───── DATA FOR PROCESSING ─────

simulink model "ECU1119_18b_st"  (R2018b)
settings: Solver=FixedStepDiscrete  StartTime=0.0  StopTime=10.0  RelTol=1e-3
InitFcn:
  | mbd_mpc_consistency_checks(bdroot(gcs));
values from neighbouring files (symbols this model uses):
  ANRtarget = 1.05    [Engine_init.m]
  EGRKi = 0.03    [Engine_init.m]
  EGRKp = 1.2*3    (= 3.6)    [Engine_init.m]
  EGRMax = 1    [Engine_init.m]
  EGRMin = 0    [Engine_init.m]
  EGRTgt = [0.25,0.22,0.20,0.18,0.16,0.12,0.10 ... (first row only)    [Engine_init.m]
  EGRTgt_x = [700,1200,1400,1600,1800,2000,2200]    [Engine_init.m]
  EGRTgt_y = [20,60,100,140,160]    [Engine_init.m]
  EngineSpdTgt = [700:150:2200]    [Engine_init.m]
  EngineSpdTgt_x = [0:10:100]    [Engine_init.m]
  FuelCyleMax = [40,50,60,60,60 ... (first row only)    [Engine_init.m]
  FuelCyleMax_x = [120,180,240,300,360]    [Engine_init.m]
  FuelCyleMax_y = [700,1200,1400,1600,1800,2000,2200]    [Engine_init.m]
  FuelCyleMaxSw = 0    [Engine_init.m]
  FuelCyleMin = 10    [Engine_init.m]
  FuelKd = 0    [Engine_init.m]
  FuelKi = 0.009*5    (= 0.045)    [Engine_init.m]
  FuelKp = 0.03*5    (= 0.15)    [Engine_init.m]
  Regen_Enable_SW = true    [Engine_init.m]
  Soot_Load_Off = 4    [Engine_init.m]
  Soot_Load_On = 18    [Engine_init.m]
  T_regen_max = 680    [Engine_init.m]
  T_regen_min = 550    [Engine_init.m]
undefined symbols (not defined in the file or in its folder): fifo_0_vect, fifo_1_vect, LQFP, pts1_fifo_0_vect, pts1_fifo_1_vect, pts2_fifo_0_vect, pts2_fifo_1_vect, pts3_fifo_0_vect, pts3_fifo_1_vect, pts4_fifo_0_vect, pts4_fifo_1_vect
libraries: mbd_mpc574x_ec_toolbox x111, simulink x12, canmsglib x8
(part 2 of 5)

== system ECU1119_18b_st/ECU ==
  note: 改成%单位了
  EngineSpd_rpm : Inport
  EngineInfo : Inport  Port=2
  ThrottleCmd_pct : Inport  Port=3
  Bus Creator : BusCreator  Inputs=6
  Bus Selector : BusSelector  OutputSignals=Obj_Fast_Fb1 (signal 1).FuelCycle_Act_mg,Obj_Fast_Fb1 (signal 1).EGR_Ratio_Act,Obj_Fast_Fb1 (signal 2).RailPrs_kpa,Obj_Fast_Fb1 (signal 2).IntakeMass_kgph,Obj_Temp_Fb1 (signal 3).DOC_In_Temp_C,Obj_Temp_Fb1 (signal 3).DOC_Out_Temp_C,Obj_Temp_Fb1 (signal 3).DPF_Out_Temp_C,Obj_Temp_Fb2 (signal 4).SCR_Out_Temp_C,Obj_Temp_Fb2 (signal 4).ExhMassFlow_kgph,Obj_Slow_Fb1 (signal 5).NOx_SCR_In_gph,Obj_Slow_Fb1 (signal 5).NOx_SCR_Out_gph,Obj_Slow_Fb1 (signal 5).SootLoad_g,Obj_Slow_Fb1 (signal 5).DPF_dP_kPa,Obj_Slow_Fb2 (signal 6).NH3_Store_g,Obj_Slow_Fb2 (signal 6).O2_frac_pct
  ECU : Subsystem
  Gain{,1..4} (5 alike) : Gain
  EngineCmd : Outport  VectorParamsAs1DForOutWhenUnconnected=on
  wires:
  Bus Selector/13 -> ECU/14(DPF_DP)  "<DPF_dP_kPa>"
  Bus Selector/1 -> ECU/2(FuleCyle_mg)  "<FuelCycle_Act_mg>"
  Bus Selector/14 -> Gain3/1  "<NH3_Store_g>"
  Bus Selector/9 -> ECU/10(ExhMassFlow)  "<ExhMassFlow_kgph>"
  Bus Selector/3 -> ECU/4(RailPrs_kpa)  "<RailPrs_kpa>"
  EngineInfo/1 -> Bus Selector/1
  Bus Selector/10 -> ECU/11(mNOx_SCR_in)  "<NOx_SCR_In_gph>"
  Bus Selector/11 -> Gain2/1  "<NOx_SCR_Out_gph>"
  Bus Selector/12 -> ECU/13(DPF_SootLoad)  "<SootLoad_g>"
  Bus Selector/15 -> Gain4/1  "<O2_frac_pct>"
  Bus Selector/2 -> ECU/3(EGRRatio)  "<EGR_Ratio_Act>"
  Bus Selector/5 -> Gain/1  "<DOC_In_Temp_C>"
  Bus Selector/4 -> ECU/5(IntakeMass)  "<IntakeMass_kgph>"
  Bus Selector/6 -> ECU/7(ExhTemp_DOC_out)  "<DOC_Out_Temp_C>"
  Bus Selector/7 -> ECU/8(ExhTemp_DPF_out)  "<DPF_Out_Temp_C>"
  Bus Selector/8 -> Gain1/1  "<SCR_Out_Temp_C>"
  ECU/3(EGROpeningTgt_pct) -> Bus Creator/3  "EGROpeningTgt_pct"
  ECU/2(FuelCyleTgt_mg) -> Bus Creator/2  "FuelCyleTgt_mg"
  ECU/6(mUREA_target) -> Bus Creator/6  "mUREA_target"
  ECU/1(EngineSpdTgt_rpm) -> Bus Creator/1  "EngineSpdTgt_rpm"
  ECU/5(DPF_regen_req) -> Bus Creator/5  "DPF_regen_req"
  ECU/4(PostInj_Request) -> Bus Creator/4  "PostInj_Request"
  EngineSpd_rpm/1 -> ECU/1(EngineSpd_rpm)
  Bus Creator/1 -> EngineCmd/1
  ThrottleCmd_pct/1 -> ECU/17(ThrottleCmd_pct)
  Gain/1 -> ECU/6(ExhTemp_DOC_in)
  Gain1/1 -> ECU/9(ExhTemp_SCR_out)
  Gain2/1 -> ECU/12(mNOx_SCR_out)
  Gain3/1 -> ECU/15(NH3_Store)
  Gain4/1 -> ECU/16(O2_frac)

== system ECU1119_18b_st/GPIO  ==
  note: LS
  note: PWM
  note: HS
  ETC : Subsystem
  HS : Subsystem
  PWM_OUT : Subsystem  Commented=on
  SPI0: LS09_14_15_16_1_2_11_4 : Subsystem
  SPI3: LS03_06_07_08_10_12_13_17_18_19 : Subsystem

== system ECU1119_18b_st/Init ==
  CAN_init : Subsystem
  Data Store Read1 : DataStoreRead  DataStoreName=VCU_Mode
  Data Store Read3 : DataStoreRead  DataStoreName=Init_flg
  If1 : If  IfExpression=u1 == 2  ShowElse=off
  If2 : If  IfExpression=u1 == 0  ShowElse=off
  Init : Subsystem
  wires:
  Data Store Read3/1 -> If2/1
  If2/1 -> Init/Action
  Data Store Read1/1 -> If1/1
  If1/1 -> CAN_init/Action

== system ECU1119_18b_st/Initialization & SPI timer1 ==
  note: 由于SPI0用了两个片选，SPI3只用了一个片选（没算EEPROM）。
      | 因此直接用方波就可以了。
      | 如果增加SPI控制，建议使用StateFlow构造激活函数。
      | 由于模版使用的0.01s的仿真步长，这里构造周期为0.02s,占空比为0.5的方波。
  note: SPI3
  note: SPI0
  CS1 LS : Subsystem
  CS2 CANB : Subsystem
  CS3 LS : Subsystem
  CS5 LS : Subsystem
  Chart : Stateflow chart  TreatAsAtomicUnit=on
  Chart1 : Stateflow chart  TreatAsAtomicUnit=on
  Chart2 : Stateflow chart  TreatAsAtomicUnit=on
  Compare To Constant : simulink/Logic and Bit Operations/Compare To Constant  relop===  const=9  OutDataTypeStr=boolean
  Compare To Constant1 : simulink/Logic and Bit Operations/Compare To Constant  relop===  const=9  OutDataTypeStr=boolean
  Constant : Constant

─────

# WHAT NEEDS TO BE DONE
In the data above, retype exactly and only the lines between the one holding "FuelKi = 0.009*5" and the one holding "undefined symbols (not", inclusive.

# COMPLETED TASK
  FuelKi = 0.009*5    (= 0.045)    [Engine_init.m]
  FuelKp = 0.03*5    (= 0.15)    [Engine_init.m]
  Regen_Enable_SW = true    [Engine_init.m]
  Soot_Load_Off = 4    [Engine_init.m]
  Soot_Load_On = 18    [Engine_init.m]
  T_regen_max = 680    [Engine_init.m]
  T_regen_min = 550    [Engine_init.m]
undefined symbols (not defined in the file or in its folder): fifo_0_vect, fifo_1_vect, LQFP, pts1_fifo_0_vect, pts1_fifo_1_vect, pts2_fifo_0_vect, pts2_fifo_1_vect, pts3_fifo_0_vect, pts3_fifo_1_vect, pts4_fifo_0_vect, pts4_fifo_1_vect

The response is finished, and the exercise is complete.